* About this exercise: Repeat the listing exactly, line by line, and leave the pictures behind.
──────
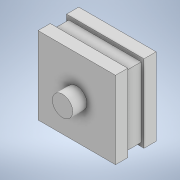
# Autodesk Inventor part: rev motor
Saved by Autodesk Inventor 2022 (Build 260153000, 153)
## iProperties
Created: 2021-07-08
Part Number: rev motor
Material: Generic
Document SubType Name: Modeling
Designer: User
Density: 1 g/cm^3
Appearance: Default
Author: User
Autodesk Inventor part; units mm, degrees
ref_plane "YZ Plane" through (0, 0, 0) normal (1, 0, 0) x (0, 1, 0)
ref_plane "XZ Plane" through (0, 0, 0) normal (0, 1, 0) x (-1, 0, 0)
ref_plane "XY Plane" through (0, 0, 0) normal (0, 0, 1) x (1, 0, 0)
sketch "Sketch1" plane through (0, 0, 0) normal (0, 0, 1) x (1, 0, 0)
  line L0 (-42.8727, 26.6374) -> (-4.7727, 26.6374)
  line L1 (-4.7727, 26.6374) -> (-4.7727, -11.4626)
  line L2 (-4.7727, -11.4626) -> (-42.8727, -11.4626)
  line L3 (-42.8727, -11.4626) -> (-42.8727, 26.6374)
  point P0 (0, 0)
  dimension "d0" = 38.1
  dimension "d1" = 38.1
  constraints: 8 end point, 2 parallel, 1 horizontal, 1 perpendicular
  measures "d0" distance of L1.end L2.end
  measures "d1" distance of L0.end L1.end
extrude "Extrusion1" add sketch "Sketch1" along normal blind 6
sketch "Sketch2" plane through (0, 0, 6) normal (0, 0, 1) x (1, 0, 0)
  line L0 (-41.7124, 24.7081) -> (-6.0889, 24.7081)
  line L1 (-6.0889, 24.7081) -> (-6.0889, -9.5927)
  line L2 (-6.0889, -9.5927) -> (-41.7124, -9.5927)
  line L3 (-41.7124, -9.5927) -> (-41.7124, 24.7081)
  point P0 (0, 0)
  constraints: 8 end point, 2 parallel, 1 horizontal, 1 perpendicular
extrude "Extrusion2" add sketch "Sketch2" along normal blind 8
sketch "Sketch3" plane through (0, 0, 14) normal (0, 0, 1) x (1, 0, 0)
  line L0 (-4.7727, 26.6374) -> (-42.8727, 26.6374) projected
  line L1 (-4.7727, -11.4626) -> (-4.7727, 26.6374) projected
  line L2 (-42.8727, 26.6374) -> (-4.7727, 26.6374)
  line L3 (-4.7727, 26.6374) -> (-4.7727, -11.4626)
  line L4 (-4.7727, -11.4626) -> (-42.8727, -11.4626)
  line L5 (-42.8727, -11.4626) -> (-42.8727, 26.6374)
  point P0 (0, 0)
  constraints: 8 end point, 2 parallel, 1 horizontal, 1 perpendicular
extrude "Extrusion3" add sketch "Sketch3" along normal blind 6
sketch "Sketch4" plane through (0, 0, 20) normal (0, 0, 1) x (1, 0, 0)
  circle A0 centre (-23.8227, 7.5874) radius 5
  line L0 (-4.7727, 26.6374) -> (-42.8727, 26.6374) projected
  line L1 (-4.7727, -11.4626) -> (-4.7727, 26.6374) projected
  point P0 (0, 0)
  dimension "d8" = 10
  dimension "d9" = 19.05
  dimension "d10" = 19.05
  constraints: 1 centre point
  measures "d8" diameter of A0
  measures "d9" distance from line of L0 A0.centre
  measures "d10" distance from line of L1 A0.centre
extrude "Extrusion4" add sketch "Sketch4" along normal blind 7
body "Solid1"
──────
* Solution to the problem:
# Autodesk Inventor part: rev motor
Saved by Autodesk Inventor 2022 (Build 260153000, 153)
## iProperties
Created: 2021-07-08
Part Number: rev motor
Material: Generic
Document SubType Name: Modeling
Designer: User
Density: 1 g/cm^3
Appearance: Default
Author: User
Autodesk Inventor part; units mm, degrees
ref_plane "YZ Plane" through (0, 0, 0) normal (1, 0, 0) x (0, 1, 0)
ref_plane "XZ Plane" through (0, 0, 0) normal (0, 1, 0) x (-1, 0, 0)
ref_plane "XY Plane" through (0, 0, 0) normal (0, 0, 1) x (1, 0, 0)
sketch "Sketch1" plane through (0, 0, 0) normal (0, 0, 1) x (1, 0, 0)
  line L0 (-42.8727, 26.6374) -> (-4.7727, 26.6374)
  line L1 (-4.7727, 26.6374) -> (-4.7727, -11.4626)
  line L2 (-4.7727, -11.4626) -> (-42.8727, -11.4626)
  line L3 (-42.8727, -11.4626) -> (-42.8727, 26.6374)
  point P0 (0, 0)
  dimension "d0" = 38.1
  dimension "d1" = 38.1
  constraints: 8 end point, 2 parallel, 1 horizontal, 1 perpendicular
  measures "d0" distance of L1.end L2.end
  measures "d1" distance of L0.end L1.end
extrude "Extrusion1" add sketch "Sketch1" along normal blind 6
sketch "Sketch2" plane through (0, 0, 6) normal (0, 0, 1) x (1, 0, 0)
  line L0 (-41.7124, 24.7081) -> (-6.0889, 24.7081)
  line L1 (-6.0889, 24.7081) -> (-6.0889, -9.5927)
  line L2 (-6.0889, -9.5927) -> (-41.7124, -9.5927)
  line L3 (-41.7124, -9.5927) -> (-41.7124, 24.7081)
  point P0 (0, 0)
  constraints: 8 end point, 2 parallel, 1 horizontal, 1 perpendicular
extrude "Extrusion2" add sketch "Sketch2" along normal blind 8
sketch "Sketch3" plane through (0, 0, 14) normal (0, 0, 1) x (1, 0, 0)
  line L0 (-4.7727, 26.6374) -> (-42.8727, 26.6374) projected
  line L1 (-4.7727, -11.4626) -> (-4.7727, 26.6374) projected
  line L2 (-42.8727, 26.6374) -> (-4.7727, 26.6374)
  line L3 (-4.7727, 26.6374) -> (-4.7727, -11.4626)
  line L4 (-4.7727, -11.4626) -> (-42.8727, -11.4626)
  line L5 (-42.8727, -11.4626) -> (-42.8727, 26.6374)
  point P0 (0, 0)
  constraints: 8 end point, 2 parallel, 1 horizontal, 1 perpendicular
extrude "Extrusion3" add sketch "Sketch3" along normal blind 6
sketch "Sketch4" plane through (0, 0, 20) normal (0, 0, 1) x (1, 0, 0)
  circle A0 centre (-23.8227, 7.5874) radius 5
  line L0 (-4.7727, 26.6374) -> (-42.8727, 26.6374) projected
  line L1 (-4.7727, -11.4626) -> (-4.7727, 26.6374) projected
  point P0 (0, 0)
  dimension "d8" = 10
  dimension "d9" = 19.05
  dimension "d10" = 19.05
  constraints: 1 centre point
  measures "d8" diameter of A0
  measures "d9" distance from line of L0 A0.centre
  measures "d10" distance from line of L1 A0.centre
extrude "Extrusion4" add sketch "Sketch4" along normal blind 7
body "Solid1"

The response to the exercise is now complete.